→ **Problem**:
When you output the entries, begin with the first line and end with the line containing "- added J4, J5: Conn_01x04_Female", keeping each line exactly as it is.

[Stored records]
..............................

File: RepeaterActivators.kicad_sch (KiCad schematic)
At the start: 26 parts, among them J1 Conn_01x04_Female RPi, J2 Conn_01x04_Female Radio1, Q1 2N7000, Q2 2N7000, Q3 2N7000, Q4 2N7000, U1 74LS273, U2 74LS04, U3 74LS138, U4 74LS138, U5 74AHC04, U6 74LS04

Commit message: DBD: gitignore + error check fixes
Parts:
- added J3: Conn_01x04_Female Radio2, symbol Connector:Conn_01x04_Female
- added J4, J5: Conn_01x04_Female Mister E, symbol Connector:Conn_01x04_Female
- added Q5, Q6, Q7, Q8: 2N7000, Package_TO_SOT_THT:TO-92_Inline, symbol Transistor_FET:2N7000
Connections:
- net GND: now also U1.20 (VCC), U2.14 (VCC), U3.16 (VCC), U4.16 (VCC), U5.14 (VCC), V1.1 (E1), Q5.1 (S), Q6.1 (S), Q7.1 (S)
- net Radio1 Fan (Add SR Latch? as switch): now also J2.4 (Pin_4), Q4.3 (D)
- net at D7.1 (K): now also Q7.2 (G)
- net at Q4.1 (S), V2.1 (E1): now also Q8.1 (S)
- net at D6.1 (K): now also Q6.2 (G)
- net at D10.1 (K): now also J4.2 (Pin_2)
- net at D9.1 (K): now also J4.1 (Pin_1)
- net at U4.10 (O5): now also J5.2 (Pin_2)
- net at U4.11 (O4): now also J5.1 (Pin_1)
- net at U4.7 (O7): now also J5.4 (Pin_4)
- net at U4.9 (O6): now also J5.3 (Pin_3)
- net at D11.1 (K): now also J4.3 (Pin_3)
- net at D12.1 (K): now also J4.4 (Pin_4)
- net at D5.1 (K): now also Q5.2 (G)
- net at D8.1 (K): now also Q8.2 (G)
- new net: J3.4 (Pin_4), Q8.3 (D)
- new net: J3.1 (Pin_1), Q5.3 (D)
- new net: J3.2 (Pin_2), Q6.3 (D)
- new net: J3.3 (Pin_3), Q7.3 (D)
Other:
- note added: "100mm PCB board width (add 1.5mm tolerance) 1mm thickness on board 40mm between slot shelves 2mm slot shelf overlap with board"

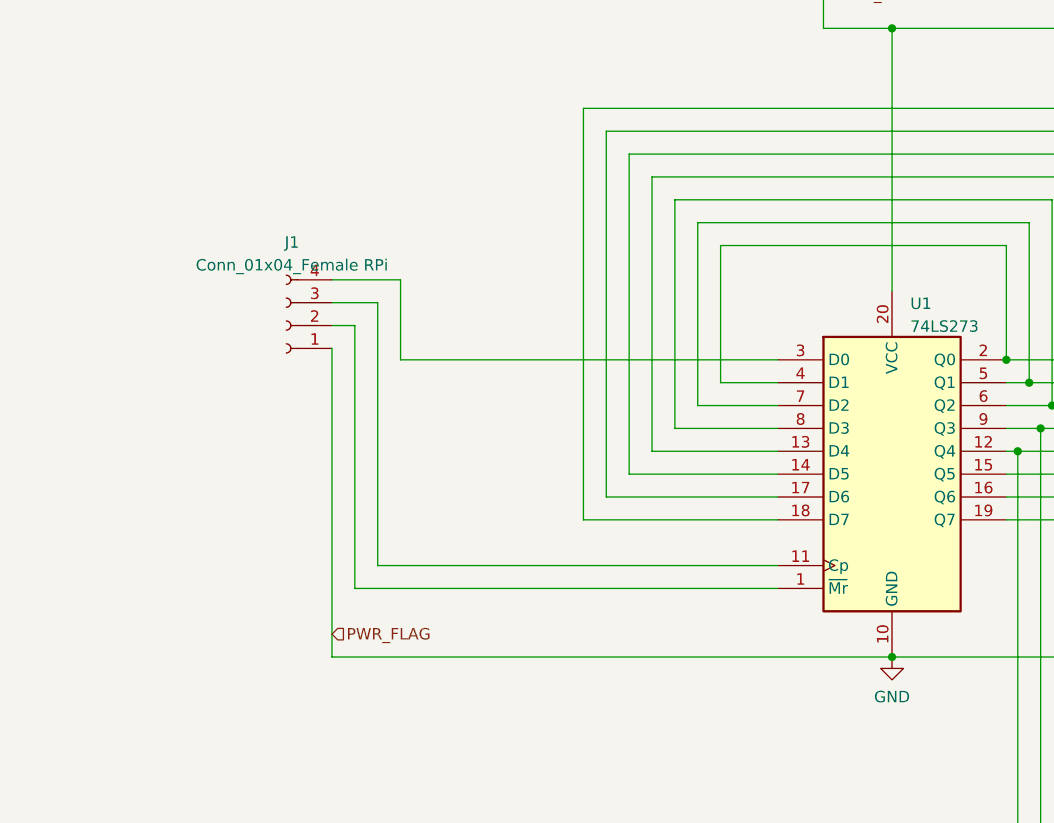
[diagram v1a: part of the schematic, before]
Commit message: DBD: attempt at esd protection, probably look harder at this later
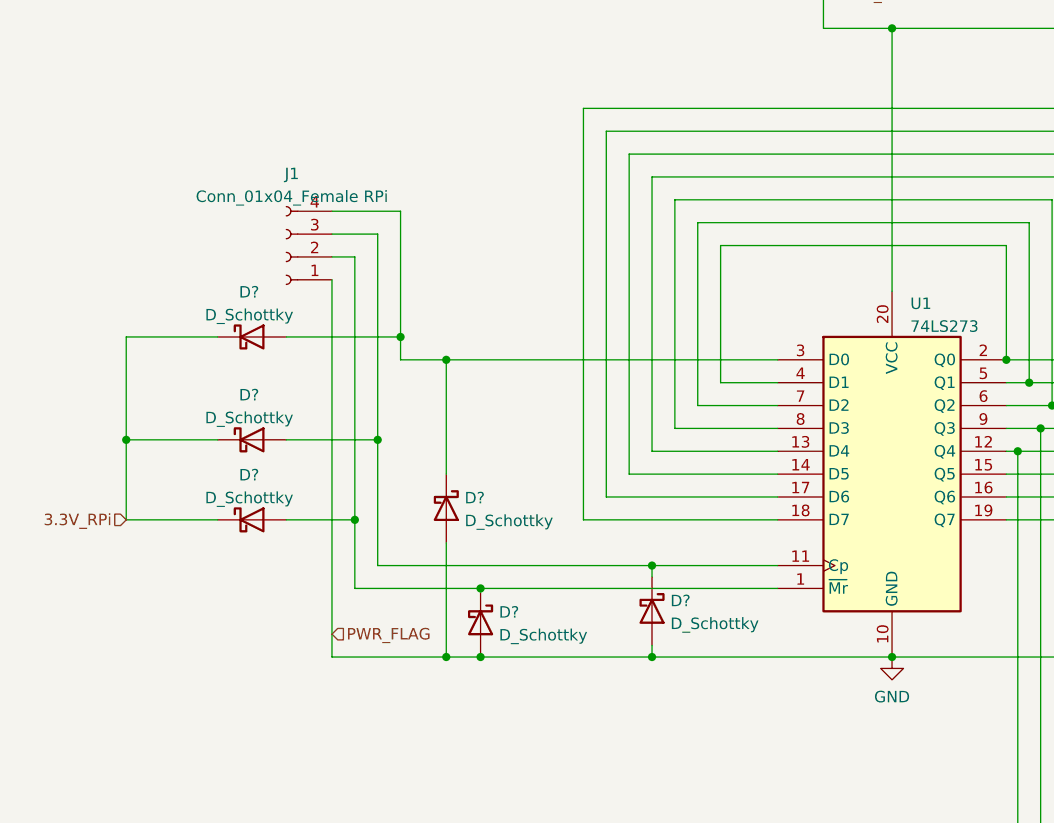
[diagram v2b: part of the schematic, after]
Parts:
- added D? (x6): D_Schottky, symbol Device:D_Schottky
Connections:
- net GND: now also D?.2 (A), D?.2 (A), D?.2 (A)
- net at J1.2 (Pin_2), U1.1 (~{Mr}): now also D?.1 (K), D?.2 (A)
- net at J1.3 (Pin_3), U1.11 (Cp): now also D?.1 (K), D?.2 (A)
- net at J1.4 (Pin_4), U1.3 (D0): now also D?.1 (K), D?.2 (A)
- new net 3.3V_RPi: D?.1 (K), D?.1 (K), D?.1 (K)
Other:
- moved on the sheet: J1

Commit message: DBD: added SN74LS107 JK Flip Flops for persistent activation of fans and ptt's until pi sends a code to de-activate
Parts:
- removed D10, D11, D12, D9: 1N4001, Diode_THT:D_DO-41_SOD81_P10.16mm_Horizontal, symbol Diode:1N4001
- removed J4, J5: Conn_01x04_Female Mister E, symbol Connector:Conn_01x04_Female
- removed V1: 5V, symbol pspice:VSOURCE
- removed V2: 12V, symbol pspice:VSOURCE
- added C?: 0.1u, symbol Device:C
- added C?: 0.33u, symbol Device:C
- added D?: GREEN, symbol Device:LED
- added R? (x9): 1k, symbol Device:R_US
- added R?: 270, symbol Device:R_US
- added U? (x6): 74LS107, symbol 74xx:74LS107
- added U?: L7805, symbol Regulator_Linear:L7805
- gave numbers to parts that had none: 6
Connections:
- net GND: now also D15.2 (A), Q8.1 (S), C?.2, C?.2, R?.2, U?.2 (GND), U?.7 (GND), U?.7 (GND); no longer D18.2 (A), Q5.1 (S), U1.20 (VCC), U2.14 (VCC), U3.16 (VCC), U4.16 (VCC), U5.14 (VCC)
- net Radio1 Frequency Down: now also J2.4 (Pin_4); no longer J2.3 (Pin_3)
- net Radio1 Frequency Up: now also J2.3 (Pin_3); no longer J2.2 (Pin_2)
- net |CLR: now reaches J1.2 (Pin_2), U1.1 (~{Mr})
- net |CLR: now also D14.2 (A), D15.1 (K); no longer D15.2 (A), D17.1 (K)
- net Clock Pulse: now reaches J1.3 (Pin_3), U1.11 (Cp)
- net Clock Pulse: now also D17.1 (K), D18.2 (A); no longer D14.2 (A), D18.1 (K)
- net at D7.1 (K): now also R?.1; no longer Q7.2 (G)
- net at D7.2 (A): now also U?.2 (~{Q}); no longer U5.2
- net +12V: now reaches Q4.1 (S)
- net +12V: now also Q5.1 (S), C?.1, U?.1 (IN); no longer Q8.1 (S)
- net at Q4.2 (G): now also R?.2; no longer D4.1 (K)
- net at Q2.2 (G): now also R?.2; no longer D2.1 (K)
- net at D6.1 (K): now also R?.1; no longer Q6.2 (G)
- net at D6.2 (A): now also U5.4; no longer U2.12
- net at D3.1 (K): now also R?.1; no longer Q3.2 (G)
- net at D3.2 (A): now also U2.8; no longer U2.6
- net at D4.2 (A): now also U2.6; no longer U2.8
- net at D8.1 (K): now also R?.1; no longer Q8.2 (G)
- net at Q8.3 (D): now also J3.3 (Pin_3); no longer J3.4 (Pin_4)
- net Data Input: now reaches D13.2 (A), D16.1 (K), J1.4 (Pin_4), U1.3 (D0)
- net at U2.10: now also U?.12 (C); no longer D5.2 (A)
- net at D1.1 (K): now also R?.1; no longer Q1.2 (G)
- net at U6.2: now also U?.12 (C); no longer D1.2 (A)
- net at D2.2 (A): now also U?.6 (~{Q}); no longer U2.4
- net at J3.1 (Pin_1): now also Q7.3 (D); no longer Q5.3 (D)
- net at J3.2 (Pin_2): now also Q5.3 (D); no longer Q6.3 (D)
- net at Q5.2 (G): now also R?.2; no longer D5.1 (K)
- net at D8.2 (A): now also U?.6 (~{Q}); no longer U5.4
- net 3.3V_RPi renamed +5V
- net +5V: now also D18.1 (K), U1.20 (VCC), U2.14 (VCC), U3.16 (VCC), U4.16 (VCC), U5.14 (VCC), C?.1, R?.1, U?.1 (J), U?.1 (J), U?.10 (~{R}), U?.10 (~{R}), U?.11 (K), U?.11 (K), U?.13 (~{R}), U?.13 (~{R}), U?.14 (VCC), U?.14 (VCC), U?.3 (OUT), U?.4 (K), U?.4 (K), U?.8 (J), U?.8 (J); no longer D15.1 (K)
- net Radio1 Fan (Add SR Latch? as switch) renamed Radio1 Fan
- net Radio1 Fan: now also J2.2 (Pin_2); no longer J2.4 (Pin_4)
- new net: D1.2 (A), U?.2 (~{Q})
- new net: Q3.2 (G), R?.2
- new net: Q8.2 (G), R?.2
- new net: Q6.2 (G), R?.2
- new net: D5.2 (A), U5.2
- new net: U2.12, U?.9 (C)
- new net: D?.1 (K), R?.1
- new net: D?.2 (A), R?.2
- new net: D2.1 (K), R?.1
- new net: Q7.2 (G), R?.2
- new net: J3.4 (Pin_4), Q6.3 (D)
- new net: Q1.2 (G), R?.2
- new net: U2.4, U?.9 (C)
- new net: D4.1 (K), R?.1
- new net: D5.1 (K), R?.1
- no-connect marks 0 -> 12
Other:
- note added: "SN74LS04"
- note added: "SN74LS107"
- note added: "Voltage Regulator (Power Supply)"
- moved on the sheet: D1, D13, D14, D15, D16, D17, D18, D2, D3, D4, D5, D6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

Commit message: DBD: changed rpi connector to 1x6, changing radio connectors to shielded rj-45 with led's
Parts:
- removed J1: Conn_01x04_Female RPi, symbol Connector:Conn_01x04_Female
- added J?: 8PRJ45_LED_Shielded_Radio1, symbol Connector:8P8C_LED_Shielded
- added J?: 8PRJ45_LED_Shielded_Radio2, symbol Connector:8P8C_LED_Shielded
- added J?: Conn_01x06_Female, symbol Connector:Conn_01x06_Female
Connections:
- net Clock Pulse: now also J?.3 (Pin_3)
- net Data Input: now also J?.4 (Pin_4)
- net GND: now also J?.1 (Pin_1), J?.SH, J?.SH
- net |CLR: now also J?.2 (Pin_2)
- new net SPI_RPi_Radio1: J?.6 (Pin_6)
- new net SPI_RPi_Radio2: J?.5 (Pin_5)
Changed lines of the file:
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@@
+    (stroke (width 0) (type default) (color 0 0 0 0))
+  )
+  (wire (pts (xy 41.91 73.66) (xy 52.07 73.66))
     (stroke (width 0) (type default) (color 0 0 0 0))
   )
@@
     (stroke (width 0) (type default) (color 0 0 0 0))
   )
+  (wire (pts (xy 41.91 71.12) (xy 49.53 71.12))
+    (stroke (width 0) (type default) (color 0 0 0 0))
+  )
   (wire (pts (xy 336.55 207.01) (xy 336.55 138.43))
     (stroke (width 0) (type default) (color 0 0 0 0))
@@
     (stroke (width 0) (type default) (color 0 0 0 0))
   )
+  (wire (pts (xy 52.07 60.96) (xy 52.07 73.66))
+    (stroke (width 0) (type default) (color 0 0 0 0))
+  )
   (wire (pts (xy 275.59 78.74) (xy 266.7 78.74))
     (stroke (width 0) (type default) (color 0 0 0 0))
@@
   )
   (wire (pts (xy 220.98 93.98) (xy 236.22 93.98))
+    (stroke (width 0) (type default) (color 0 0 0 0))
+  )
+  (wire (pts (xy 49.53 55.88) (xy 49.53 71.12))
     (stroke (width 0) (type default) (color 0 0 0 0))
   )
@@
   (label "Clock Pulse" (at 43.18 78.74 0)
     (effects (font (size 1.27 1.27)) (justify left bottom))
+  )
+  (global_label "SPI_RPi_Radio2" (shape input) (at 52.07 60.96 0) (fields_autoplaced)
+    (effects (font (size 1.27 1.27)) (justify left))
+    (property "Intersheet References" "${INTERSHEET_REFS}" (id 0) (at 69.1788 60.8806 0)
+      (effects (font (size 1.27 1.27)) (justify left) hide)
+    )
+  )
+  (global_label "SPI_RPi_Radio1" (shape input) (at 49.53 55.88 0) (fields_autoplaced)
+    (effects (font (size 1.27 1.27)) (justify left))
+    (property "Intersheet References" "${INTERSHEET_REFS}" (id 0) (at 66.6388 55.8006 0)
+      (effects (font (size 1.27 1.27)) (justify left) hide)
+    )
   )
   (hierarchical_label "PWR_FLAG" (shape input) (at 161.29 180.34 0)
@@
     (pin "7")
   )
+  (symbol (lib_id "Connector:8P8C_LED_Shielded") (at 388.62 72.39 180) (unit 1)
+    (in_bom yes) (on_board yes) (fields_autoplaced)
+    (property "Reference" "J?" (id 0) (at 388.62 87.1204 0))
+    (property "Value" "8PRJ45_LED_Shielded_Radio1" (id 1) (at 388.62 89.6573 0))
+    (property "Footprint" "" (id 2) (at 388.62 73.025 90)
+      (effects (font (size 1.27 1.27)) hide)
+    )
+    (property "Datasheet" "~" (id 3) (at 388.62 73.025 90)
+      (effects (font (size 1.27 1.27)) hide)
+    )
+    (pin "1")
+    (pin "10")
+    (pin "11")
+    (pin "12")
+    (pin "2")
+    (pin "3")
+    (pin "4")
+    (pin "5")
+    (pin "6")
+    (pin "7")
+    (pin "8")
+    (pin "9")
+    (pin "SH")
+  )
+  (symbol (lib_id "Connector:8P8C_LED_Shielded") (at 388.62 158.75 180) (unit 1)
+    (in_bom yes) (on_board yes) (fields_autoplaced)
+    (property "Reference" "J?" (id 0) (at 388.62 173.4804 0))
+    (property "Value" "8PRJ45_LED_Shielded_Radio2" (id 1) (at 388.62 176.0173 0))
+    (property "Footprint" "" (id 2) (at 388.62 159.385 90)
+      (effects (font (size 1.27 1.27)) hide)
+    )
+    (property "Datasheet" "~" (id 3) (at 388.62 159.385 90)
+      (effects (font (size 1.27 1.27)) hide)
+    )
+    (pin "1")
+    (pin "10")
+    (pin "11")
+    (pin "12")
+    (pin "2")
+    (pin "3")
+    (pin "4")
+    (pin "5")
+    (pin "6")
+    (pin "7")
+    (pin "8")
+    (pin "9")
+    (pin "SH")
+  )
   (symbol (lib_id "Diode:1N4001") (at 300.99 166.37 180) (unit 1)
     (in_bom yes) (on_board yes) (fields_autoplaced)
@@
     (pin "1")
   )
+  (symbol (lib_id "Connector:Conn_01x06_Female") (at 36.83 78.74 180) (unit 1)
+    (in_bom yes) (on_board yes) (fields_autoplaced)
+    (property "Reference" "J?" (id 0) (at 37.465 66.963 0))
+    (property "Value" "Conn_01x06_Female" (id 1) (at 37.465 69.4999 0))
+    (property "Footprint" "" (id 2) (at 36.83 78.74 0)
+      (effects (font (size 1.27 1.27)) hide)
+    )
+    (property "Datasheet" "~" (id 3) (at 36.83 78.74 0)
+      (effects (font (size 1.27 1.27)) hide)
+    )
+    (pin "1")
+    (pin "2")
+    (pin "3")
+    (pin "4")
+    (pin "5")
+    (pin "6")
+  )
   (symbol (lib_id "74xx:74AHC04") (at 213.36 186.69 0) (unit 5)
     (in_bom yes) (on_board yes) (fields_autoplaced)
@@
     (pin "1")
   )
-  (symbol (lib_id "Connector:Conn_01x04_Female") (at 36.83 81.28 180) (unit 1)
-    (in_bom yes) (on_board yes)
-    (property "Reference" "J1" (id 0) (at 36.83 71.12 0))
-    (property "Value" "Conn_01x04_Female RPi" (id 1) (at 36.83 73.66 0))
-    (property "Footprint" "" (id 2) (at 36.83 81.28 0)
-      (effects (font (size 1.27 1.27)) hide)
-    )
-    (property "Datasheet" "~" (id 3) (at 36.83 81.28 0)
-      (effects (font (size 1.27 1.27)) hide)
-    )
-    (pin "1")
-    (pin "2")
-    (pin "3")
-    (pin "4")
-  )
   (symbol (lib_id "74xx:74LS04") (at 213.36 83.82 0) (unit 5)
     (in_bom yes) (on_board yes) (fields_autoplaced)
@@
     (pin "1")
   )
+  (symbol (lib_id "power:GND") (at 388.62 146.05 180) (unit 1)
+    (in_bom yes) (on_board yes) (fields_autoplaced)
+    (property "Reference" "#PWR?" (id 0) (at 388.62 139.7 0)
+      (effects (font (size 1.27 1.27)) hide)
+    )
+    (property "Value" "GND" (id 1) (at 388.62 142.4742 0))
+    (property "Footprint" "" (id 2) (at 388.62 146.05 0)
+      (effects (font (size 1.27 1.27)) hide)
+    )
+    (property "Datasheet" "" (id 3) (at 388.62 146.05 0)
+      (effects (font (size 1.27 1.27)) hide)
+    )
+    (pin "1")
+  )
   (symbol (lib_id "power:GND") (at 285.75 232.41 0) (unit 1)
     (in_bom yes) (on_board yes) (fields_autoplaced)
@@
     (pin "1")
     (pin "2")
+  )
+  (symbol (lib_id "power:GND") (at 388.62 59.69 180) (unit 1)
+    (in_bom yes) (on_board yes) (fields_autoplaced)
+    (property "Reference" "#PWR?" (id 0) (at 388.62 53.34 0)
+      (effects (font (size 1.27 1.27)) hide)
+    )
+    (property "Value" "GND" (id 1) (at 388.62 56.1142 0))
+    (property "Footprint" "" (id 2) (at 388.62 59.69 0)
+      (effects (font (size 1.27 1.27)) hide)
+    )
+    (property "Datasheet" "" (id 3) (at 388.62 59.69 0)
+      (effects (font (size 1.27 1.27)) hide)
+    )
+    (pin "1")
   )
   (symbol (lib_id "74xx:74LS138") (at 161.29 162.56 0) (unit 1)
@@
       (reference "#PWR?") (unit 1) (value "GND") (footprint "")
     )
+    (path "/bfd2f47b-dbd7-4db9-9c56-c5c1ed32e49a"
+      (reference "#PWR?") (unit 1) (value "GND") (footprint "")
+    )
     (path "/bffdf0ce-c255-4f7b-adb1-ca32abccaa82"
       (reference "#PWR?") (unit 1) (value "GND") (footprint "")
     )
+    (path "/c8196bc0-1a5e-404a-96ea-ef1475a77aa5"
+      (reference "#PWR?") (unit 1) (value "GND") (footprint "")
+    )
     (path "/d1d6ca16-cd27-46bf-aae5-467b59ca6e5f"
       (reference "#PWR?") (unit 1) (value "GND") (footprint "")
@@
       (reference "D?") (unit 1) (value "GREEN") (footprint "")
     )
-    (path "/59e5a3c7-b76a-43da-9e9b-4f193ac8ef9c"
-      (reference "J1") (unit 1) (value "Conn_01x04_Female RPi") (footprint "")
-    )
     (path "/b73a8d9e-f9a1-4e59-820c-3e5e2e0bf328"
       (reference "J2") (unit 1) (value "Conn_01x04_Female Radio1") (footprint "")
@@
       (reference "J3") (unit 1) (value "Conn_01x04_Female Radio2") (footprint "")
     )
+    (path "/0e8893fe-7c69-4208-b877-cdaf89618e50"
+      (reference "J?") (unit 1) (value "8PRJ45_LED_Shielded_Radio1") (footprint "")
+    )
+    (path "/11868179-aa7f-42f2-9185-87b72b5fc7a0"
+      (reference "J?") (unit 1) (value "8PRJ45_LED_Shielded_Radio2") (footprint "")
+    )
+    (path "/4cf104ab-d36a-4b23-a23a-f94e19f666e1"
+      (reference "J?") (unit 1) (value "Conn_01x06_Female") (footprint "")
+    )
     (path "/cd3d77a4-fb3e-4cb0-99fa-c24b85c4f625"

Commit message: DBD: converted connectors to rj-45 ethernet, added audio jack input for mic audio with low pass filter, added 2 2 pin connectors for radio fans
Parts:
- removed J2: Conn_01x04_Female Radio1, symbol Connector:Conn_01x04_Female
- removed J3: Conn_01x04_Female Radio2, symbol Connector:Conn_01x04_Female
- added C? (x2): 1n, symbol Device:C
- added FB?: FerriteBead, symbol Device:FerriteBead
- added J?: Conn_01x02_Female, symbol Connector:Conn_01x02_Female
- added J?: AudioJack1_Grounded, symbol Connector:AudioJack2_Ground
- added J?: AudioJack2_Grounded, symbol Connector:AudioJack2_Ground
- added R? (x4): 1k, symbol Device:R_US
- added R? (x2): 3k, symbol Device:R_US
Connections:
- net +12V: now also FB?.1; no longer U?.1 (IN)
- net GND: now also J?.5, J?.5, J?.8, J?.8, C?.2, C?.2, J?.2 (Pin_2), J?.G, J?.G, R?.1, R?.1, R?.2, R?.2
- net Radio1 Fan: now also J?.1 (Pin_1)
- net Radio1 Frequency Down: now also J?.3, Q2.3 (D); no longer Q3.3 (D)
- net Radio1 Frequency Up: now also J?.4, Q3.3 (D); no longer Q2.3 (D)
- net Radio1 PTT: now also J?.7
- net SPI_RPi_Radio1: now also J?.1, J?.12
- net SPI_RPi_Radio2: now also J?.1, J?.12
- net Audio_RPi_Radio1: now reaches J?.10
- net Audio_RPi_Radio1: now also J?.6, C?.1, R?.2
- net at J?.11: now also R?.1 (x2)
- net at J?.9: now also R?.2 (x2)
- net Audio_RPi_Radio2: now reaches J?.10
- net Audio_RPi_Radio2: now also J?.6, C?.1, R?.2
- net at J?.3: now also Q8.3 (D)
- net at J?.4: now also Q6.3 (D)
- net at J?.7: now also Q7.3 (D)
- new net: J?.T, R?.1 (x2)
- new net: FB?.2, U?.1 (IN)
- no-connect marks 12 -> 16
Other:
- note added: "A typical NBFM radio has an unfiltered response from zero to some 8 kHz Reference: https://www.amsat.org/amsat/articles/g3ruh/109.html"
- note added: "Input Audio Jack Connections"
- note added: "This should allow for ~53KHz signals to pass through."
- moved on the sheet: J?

..............................

→ **Task output**:
File: RepeaterActivators.kicad_sch (KiCad schematic)
At the start: 26 parts, among them J1 Conn_01x04_Female RPi, J2 Conn_01x04_Female Radio1, Q1 2N7000, Q2 2N7000, Q3 2N7000, Q4 2N7000, U1 74LS273, U2 74LS04, U3 74LS138, U4 74LS138, U5 74AHC04, U6 74LS04

Commit message: DBD: gitignore + error check fixes
Parts:
- added J3: Conn_01x04_Female Radio2, symbol Connector:Conn_01x04_Female
- added J4, J5: Conn_01x04_Female Mister E, symbol Connector:Conn_01x04_Female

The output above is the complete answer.